Elle s'est évaporée comme par miracle à Santa Marta,
dans l'historique maison de campagne devenue musée, la Quinta de San
Pedro Alejandrino, où mourut en 1830 Simon Bolivar. C'est en invoquant
maintes fois le vénéré libertador, père d'une
Grande Colombie unissant les territoires actuels du Venezuela, de la Colombie,
du Panama et de l'Equateur, que Juan Manuel Santos et Hugo Chavez ont scellé
une réconciliation d'intérêt mutuel.
Condamnés à s'entendre, mais discrète remontrance
réciproque
Les deux pays sont condamnés à s'entendre tant leurs économies
sont liées. Le gel par le Venezuela des importations en provenance
de Colombie les a fait chuter de 71% au premier semestre 2010 et un manque
à gagner d'une telle proportion pourrait coûter cette année
à la Colombie 0,5% de son produit intérieur brut.
Le Venezuela, pour sa part, est en récession et souffre d'une forte
inflation (16,3% depuis le début de l'année) accompagnée
de pénuries alimentaires sectorielles accrues par la chute du commerce
avec la Colombie. Des analystes estimaient qu'à l'approche des élections
législatives vénézuéliennes du 26 septembre,
la tension avec la Colombie risquait de justifier le discours patriotard
et autoritaire d'Hugo Chavez et de son Parti socialiste uni du Venezuela
(PSUV). La réconciliation pourrait néanmoins les favoriser
davantage, d'autant que le leader bolivarien, quoique seul à pratiquer
l'insulte personnelle et à prononcer mille fois le mot "guerre", se présente
désormais comme l'homme de la paix. C'est pourtant Juan Manuel Santos
qui avait offert la normalisation, le 7 août dans son discours d'investiture
à la présidence de la Colombie.
Les deux présidents ont approuvé une "Déclaration de
principes" prônant "un dialogue transparent, direct, respectueux et
privilégiant la voie diplomatique". "La stricte observation du droit
international, l'application du principe de non-ingérence dans les
affaires internes et le respect de la souveraineté et de l'intégrité
territoriale des Etats" sont aussi mentionnés.

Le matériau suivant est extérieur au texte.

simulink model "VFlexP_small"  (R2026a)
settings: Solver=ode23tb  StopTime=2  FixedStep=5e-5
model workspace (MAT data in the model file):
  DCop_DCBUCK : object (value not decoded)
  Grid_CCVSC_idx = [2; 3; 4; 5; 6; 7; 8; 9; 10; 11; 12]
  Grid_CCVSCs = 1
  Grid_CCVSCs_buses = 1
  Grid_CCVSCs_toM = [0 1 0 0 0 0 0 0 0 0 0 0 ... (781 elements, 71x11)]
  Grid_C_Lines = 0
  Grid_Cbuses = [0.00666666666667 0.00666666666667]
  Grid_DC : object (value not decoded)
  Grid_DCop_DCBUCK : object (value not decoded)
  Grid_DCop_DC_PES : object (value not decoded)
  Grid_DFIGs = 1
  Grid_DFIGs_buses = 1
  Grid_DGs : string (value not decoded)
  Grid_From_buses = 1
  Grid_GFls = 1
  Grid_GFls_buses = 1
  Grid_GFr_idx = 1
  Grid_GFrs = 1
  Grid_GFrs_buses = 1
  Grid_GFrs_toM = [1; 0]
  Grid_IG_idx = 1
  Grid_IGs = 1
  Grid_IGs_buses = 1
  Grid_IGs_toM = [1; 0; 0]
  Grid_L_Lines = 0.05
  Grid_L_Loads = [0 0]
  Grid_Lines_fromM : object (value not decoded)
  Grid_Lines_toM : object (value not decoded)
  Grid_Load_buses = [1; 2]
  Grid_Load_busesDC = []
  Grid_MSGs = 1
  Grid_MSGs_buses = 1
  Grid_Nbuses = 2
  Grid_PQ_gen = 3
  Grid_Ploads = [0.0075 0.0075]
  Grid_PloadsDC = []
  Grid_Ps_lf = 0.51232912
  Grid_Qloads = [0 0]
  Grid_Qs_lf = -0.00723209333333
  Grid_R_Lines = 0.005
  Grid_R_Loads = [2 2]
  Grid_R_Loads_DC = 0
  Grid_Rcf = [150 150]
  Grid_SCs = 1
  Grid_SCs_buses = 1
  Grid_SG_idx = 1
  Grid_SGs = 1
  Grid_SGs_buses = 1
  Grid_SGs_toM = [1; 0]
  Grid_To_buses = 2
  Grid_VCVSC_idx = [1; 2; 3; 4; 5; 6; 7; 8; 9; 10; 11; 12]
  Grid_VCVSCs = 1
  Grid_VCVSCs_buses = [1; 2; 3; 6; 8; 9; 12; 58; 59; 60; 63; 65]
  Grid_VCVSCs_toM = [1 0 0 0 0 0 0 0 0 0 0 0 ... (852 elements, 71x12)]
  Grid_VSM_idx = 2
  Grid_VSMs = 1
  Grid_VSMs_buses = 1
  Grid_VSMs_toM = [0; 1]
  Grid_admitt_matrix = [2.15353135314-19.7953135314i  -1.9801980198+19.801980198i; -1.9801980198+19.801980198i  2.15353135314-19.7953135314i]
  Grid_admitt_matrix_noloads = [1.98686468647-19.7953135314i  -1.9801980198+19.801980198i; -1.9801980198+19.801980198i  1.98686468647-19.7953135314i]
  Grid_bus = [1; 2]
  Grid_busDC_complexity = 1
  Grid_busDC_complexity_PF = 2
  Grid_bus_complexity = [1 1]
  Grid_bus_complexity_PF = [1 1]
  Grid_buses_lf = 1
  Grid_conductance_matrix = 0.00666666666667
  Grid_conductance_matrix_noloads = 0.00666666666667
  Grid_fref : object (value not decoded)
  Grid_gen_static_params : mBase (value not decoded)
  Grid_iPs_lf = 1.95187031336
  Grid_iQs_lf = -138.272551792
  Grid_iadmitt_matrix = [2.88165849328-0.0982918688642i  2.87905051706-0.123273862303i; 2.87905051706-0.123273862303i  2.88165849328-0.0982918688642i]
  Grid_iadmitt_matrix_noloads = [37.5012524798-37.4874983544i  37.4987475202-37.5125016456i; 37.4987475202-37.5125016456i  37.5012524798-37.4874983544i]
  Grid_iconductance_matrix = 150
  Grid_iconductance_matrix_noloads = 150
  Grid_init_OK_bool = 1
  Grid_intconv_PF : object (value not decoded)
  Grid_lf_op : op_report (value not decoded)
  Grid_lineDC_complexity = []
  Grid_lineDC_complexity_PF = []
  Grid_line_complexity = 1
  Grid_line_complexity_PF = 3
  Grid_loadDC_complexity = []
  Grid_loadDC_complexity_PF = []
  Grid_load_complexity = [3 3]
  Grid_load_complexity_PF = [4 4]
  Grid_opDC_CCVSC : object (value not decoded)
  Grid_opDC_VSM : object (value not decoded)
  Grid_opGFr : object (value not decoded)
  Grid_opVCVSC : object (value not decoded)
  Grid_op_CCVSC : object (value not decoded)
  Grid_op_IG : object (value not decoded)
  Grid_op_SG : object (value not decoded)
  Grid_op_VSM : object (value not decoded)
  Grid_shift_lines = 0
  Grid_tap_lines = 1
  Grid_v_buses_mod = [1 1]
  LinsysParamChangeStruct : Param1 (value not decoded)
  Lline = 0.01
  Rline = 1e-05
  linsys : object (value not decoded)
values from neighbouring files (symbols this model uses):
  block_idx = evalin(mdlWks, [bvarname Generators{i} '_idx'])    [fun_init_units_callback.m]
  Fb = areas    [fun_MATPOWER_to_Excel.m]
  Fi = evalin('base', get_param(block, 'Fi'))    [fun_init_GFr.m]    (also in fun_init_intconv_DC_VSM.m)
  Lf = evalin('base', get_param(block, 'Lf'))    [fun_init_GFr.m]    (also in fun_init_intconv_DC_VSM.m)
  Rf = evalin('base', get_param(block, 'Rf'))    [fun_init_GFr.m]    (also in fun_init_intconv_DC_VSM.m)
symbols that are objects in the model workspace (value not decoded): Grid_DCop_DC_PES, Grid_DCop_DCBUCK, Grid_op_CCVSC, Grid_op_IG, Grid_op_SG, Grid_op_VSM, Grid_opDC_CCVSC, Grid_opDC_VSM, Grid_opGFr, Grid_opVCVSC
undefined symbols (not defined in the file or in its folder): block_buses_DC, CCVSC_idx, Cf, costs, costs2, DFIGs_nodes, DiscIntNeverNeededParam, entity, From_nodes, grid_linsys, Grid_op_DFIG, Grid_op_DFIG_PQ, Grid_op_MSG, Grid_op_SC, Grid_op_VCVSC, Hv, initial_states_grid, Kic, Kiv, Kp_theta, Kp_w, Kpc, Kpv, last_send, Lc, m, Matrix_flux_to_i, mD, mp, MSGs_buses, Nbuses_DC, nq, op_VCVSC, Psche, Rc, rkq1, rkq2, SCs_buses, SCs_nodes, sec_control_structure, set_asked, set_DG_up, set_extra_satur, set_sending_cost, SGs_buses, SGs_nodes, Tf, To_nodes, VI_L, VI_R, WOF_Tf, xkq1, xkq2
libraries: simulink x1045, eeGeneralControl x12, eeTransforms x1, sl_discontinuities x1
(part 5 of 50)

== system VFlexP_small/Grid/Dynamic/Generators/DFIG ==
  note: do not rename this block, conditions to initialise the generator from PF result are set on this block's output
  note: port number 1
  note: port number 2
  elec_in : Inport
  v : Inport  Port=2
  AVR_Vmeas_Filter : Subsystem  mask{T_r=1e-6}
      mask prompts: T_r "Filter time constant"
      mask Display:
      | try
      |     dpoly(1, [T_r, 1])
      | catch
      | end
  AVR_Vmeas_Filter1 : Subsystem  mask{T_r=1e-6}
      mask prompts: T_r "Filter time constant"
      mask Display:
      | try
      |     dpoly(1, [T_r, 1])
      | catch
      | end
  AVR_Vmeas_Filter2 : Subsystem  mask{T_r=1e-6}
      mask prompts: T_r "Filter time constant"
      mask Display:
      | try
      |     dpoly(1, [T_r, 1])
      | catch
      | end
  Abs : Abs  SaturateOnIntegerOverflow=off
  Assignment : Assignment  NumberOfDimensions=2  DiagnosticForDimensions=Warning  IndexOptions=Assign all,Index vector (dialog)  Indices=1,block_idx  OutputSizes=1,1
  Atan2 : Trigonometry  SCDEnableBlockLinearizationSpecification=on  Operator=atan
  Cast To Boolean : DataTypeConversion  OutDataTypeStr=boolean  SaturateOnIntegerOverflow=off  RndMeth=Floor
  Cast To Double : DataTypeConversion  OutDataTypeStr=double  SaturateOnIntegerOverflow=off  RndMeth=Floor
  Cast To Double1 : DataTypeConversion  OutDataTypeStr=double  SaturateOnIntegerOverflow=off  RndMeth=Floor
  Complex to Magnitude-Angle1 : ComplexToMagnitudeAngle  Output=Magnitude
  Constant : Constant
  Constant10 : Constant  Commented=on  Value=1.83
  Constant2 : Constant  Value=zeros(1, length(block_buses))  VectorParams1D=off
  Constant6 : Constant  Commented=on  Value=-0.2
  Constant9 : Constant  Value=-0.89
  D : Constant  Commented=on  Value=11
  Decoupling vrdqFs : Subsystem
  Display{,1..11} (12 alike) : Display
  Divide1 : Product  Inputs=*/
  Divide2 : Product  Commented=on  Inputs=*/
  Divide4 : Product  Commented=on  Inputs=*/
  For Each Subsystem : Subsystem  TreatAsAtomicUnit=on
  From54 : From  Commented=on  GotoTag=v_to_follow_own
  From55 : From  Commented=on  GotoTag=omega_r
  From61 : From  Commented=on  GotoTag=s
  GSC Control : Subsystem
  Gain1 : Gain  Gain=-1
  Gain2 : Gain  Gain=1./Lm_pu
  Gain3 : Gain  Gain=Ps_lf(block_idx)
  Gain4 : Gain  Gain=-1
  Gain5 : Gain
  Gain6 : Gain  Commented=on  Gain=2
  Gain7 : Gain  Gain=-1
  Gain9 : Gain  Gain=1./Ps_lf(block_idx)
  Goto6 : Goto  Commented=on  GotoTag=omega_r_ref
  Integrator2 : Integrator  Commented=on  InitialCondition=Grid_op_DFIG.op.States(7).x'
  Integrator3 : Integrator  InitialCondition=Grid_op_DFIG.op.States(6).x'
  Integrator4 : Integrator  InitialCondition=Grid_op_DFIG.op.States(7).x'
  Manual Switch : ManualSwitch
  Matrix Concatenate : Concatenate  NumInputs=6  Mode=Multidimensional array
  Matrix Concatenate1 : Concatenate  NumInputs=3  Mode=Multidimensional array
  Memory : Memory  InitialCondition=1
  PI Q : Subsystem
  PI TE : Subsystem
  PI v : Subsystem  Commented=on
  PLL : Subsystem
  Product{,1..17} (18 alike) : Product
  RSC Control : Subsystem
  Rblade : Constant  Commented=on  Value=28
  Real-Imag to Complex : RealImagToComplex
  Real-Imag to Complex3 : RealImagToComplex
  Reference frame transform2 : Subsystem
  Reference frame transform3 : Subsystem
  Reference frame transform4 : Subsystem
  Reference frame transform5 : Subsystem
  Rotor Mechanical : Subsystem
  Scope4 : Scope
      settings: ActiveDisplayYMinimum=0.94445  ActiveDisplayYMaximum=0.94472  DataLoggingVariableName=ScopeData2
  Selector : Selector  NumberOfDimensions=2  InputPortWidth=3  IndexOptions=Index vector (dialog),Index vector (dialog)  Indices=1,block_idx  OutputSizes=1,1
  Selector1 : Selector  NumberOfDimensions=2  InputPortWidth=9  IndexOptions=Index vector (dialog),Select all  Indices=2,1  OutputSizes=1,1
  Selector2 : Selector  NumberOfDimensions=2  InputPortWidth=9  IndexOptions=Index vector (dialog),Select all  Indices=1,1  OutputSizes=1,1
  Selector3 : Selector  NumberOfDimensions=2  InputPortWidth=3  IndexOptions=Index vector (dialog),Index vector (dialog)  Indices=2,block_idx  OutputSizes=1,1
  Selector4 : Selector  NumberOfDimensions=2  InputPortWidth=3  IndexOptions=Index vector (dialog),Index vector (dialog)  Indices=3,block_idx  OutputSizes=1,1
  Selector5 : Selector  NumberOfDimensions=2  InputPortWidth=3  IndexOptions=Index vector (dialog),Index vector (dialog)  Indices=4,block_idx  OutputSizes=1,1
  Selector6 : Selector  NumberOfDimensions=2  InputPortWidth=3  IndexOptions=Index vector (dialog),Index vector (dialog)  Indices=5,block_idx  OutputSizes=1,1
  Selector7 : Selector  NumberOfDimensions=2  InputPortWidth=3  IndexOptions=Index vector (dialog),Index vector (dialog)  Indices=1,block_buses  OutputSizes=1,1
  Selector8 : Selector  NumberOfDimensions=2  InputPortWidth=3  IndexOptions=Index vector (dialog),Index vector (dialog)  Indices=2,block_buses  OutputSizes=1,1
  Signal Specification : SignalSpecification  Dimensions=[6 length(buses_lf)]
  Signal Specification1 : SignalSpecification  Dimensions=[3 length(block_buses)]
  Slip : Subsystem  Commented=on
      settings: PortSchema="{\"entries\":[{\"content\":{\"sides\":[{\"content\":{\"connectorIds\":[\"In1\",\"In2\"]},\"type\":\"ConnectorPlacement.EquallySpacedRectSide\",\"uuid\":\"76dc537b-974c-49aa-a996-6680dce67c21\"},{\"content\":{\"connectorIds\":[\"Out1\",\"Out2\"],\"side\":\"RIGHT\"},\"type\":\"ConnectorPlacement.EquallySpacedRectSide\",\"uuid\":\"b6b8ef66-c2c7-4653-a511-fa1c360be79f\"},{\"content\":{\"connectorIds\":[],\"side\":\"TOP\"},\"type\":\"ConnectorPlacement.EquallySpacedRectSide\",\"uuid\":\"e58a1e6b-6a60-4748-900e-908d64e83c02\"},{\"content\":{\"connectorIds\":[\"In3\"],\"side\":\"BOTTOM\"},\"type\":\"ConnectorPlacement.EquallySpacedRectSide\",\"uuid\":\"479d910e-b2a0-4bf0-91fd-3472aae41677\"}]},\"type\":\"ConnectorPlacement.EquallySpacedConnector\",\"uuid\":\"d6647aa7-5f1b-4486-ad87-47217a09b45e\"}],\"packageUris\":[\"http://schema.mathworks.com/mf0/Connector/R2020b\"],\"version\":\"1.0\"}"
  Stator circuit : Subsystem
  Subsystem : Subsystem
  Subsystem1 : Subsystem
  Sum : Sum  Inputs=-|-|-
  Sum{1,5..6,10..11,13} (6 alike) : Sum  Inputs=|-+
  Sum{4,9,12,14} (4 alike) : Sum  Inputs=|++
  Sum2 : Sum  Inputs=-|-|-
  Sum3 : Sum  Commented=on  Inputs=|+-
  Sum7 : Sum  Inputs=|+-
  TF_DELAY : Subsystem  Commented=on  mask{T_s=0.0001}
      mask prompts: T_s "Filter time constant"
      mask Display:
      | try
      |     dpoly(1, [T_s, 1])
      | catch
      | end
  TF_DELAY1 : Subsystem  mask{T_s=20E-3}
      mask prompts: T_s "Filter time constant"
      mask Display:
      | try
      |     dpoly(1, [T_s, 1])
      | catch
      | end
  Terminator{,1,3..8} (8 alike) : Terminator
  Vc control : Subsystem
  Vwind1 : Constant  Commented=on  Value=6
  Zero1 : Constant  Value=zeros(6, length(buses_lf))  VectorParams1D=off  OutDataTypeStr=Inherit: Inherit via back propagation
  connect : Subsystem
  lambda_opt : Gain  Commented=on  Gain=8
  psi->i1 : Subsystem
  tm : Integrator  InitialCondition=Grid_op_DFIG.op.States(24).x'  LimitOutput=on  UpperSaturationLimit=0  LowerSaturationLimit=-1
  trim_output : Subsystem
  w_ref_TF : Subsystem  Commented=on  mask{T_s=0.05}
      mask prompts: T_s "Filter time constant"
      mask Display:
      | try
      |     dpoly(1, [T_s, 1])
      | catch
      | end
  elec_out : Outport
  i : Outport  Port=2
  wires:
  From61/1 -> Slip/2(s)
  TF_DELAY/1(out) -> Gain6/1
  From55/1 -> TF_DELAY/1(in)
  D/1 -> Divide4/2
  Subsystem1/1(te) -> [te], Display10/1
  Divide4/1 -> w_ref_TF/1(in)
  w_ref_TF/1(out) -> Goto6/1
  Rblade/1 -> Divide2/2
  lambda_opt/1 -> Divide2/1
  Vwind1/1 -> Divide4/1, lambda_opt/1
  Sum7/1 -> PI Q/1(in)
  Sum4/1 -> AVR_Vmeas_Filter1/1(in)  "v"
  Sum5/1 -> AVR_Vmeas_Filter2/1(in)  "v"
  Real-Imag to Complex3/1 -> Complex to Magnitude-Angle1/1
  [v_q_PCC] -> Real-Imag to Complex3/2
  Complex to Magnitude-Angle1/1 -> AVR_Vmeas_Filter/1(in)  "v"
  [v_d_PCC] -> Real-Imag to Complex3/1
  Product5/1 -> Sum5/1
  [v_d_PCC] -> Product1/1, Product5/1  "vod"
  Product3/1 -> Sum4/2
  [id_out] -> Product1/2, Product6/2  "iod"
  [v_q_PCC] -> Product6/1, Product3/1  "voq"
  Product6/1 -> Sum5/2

Ces points ressemblent à une discrète remontrance réciproque
que s'adresseraient les présidents Santos et Chavez. Le Colombien,
alors ministre de la Défense, ne s'embarrassa d'aucune intégrité
territoriale en faisant bombarder, le 1er mars 2008, un camp de la guérilla
des FARC installé au nord d'un pays voisin, l'Equateur. Et le Vénézuélien
confirmait son allergie à la non-ingérence en faisant campagne
contre Juan Manuel Santos, qu'il désignait, avant la récente
élection présidentielle colombienne, comme "l'homme de la guerre"
pour qui nul ne devrait voter.
Stratégie commune contre les "groupes insurgés en marge
de la loi"
Pour faciliter la normalisation, les deux présidents ont annoncé
la création de cinq commissions binationales, pour le paiement
de la dette due par le Venezuela aux exportateurs colombiens et la relance
des relations commerciales, pour l'intégration économique,
pour les questions sociales frontalières, pour le développement
commun d'infrastructures et pour la sécurité.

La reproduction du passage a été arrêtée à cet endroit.